Source records
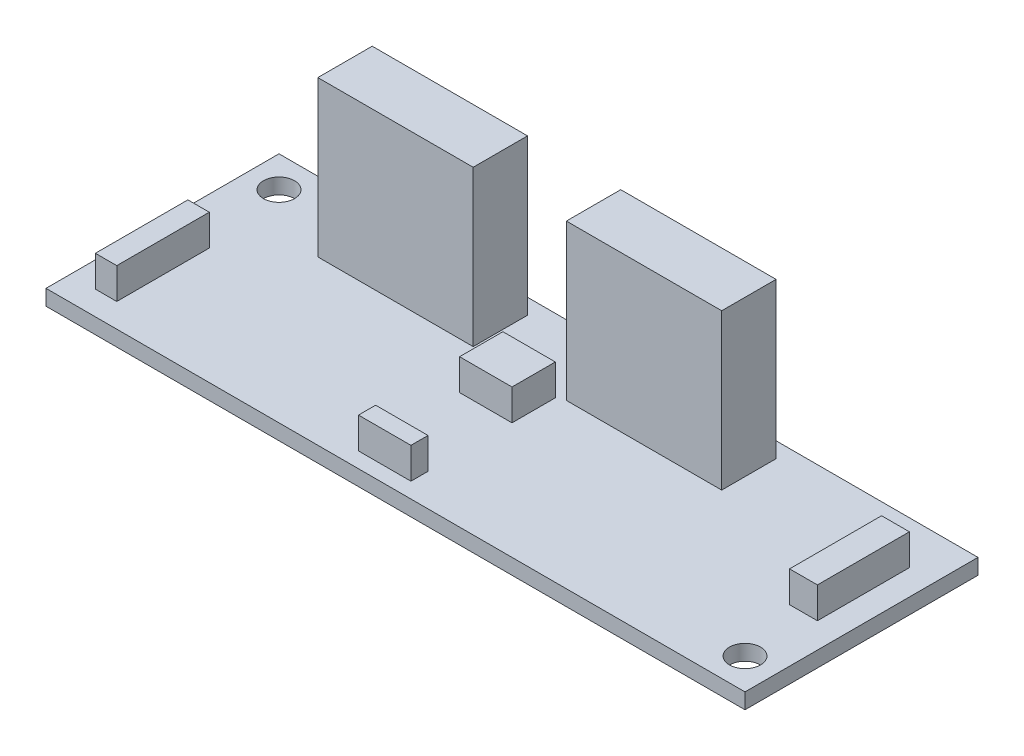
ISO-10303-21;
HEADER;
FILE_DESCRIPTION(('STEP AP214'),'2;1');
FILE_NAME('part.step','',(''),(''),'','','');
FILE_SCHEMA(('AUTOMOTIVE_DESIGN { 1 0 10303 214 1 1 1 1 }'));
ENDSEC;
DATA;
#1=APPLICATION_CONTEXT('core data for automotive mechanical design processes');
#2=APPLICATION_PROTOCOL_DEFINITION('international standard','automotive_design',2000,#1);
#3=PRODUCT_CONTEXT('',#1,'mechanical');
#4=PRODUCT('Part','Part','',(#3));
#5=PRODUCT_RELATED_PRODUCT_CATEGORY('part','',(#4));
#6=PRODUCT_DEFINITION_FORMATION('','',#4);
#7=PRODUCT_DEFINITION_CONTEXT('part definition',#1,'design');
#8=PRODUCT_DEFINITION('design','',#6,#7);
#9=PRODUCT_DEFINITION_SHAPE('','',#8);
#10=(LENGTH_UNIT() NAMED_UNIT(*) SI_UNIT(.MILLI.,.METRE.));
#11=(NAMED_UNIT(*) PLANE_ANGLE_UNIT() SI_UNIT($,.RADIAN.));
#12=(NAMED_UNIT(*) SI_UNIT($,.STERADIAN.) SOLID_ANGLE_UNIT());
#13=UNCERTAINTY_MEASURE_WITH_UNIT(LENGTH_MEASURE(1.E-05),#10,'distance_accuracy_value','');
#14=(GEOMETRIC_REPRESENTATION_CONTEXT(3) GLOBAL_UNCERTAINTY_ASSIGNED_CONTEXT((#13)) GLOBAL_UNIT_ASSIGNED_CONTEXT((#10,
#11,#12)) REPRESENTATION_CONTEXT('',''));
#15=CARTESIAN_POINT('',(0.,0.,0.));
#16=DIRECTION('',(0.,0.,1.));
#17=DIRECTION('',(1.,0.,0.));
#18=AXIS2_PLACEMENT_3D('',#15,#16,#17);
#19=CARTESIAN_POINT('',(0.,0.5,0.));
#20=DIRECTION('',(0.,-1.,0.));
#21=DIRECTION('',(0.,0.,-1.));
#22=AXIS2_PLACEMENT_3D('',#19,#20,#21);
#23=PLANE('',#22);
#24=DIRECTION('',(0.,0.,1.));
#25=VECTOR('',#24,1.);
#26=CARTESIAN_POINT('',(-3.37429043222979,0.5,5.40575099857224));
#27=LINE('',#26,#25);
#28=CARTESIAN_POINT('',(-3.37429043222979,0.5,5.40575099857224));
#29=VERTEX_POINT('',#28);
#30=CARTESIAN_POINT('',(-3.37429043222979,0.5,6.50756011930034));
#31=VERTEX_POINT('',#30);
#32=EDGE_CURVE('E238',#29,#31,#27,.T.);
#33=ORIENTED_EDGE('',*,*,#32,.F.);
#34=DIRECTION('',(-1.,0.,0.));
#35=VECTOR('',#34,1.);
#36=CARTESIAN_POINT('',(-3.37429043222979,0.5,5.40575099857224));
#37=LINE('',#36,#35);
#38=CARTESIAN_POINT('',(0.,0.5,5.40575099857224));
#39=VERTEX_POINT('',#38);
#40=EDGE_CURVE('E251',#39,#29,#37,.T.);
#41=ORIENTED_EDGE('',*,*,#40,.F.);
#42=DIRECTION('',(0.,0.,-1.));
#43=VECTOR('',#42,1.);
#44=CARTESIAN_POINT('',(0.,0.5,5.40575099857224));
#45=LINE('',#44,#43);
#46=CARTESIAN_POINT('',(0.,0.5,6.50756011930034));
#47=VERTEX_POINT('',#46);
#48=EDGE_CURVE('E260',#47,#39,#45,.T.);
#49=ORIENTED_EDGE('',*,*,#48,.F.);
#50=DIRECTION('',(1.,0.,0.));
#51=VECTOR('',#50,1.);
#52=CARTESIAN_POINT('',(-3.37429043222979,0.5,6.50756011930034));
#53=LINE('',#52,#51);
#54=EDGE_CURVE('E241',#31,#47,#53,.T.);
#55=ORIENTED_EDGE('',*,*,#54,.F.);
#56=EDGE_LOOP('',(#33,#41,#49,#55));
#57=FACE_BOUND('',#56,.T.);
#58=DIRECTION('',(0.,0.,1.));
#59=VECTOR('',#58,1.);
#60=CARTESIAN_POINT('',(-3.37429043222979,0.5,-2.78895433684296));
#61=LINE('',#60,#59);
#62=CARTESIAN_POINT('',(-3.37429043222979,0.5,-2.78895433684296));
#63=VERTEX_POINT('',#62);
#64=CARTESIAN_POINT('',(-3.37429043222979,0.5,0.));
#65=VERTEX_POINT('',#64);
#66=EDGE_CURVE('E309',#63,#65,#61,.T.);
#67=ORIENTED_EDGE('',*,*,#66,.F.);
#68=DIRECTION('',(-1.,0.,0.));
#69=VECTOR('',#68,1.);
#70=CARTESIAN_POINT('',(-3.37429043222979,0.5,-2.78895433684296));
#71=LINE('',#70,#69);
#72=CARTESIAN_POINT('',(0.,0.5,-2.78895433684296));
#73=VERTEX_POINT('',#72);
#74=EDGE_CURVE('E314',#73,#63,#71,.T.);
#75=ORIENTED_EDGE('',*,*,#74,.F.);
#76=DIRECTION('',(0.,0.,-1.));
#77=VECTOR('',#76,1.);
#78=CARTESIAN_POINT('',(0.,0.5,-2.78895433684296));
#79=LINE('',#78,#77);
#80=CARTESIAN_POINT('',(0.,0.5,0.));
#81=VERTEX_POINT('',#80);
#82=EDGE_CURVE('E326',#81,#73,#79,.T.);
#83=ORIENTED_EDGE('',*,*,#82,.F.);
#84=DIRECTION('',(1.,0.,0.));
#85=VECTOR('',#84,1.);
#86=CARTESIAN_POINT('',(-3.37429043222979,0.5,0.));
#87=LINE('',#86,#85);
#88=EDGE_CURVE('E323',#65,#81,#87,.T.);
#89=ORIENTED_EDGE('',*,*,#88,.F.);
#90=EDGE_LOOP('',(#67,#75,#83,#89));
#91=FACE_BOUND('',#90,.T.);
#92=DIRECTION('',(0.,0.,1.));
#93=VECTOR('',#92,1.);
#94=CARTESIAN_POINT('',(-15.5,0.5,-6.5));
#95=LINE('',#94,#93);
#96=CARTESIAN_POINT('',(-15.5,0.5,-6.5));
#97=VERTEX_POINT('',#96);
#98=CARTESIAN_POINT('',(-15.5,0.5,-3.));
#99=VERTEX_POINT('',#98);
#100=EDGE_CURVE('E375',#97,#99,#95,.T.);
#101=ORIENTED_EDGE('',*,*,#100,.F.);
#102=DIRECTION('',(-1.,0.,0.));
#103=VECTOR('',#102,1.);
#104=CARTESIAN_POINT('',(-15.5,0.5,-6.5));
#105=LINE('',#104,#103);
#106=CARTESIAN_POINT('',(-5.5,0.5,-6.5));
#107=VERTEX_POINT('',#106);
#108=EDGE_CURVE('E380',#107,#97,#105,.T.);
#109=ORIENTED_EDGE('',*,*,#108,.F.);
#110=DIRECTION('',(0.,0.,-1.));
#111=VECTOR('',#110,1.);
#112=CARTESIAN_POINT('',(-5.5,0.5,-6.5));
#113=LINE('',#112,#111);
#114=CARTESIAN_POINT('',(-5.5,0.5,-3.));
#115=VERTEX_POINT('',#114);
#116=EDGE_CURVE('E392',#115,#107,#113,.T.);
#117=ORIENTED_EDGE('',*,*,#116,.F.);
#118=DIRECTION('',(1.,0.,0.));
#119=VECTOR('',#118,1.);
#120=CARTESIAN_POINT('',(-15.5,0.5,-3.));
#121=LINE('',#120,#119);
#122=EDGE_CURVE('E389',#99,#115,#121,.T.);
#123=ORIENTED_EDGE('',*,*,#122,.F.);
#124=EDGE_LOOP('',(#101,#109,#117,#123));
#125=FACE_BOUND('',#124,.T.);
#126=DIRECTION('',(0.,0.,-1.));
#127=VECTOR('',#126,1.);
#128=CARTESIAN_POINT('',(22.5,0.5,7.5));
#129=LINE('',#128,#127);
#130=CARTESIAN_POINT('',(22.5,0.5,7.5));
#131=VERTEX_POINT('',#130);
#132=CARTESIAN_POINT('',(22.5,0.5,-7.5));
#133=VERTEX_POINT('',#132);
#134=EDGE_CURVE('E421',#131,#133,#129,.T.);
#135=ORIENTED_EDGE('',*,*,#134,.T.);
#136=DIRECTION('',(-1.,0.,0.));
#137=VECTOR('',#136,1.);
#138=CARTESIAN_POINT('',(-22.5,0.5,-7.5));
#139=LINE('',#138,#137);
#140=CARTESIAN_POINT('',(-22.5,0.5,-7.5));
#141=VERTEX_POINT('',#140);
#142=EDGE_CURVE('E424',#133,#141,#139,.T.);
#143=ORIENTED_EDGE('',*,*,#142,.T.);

Directions for this task: Copy out, word for word, the part of the entries above that begins at the line with "#1=APPLICATION_CONTEXT('core data for" and ends at the line with "#38=CARTESIAN_POINT('',(0.,0.5,5.40575099857224));", including both.

Output of the task:
#1=APPLICATION_CONTEXT('core data for automotive mechanical design processes');
#2=APPLICATION_PROTOCOL_DEFINITION('international standard','automotive_design',2000,#1);
#3=PRODUCT_CONTEXT('',#1,'mechanical');
#4=PRODUCT('Part','Part','',(#3));
#5=PRODUCT_RELATED_PRODUCT_CATEGORY('part','',(#4));
#6=PRODUCT_DEFINITION_FORMATION('','',#4);
#7=PRODUCT_DEFINITION_CONTEXT('part definition',#1,'design');
#8=PRODUCT_DEFINITION('design','',#6,#7);
#9=PRODUCT_DEFINITION_SHAPE('','',#8);
#10=(LENGTH_UNIT() NAMED_UNIT(*) SI_UNIT(.MILLI.,.METRE.));
#11=(NAMED_UNIT(*) PLANE_ANGLE_UNIT() SI_UNIT($,.RADIAN.));
#12=(NAMED_UNIT(*) SI_UNIT($,.STERADIAN.) SOLID_ANGLE_UNIT());
#13=UNCERTAINTY_MEASURE_WITH_UNIT(LENGTH_MEASURE(1.E-05),#10,'distance_accuracy_value','');
#14=(GEOMETRIC_REPRESENTATION_CONTEXT(3) GLOBAL_UNCERTAINTY_ASSIGNED_CONTEXT((#13)) GLOBAL_UNIT_ASSIGNED_CONTEXT((#10,
#11,#12)) REPRESENTATION_CONTEXT('',''));
#15=CARTESIAN_POINT('',(0.,0.,0.));
#16=DIRECTION('',(0.,0.,1.));
#17=DIRECTION('',(1.,0.,0.));
#18=AXIS2_PLACEMENT_3D('',#15,#16,#17);
#19=CARTESIAN_POINT('',(0.,0.5,0.));
#20=DIRECTION('',(0.,-1.,0.));
#21=DIRECTION('',(0.,0.,-1.));
#22=AXIS2_PLACEMENT_3D('',#19,#20,#21);
#23=PLANE('',#22);
#24=DIRECTION('',(0.,0.,1.));
#25=VECTOR('',#24,1.);
#26=CARTESIAN_POINT('',(-3.37429043222979,0.5,5.40575099857224));
#27=LINE('',#26,#25);
#28=CARTESIAN_POINT('',(-3.37429043222979,0.5,5.40575099857224));
#29=VERTEX_POINT('',#28);
#30=CARTESIAN_POINT('',(-3.37429043222979,0.5,6.50756011930034));
#31=VERTEX_POINT('',#30);
#32=EDGE_CURVE('E238',#29,#31,#27,.T.);
#33=ORIENTED_EDGE('',*,*,#32,.F.);
#34=DIRECTION('',(-1.,0.,0.));
#35=VECTOR('',#34,1.);
#36=CARTESIAN_POINT('',(-3.37429043222979,0.5,5.40575099857224));
#37=LINE('',#36,#35);
#38=CARTESIAN_POINT('',(0.,0.5,5.40575099857224));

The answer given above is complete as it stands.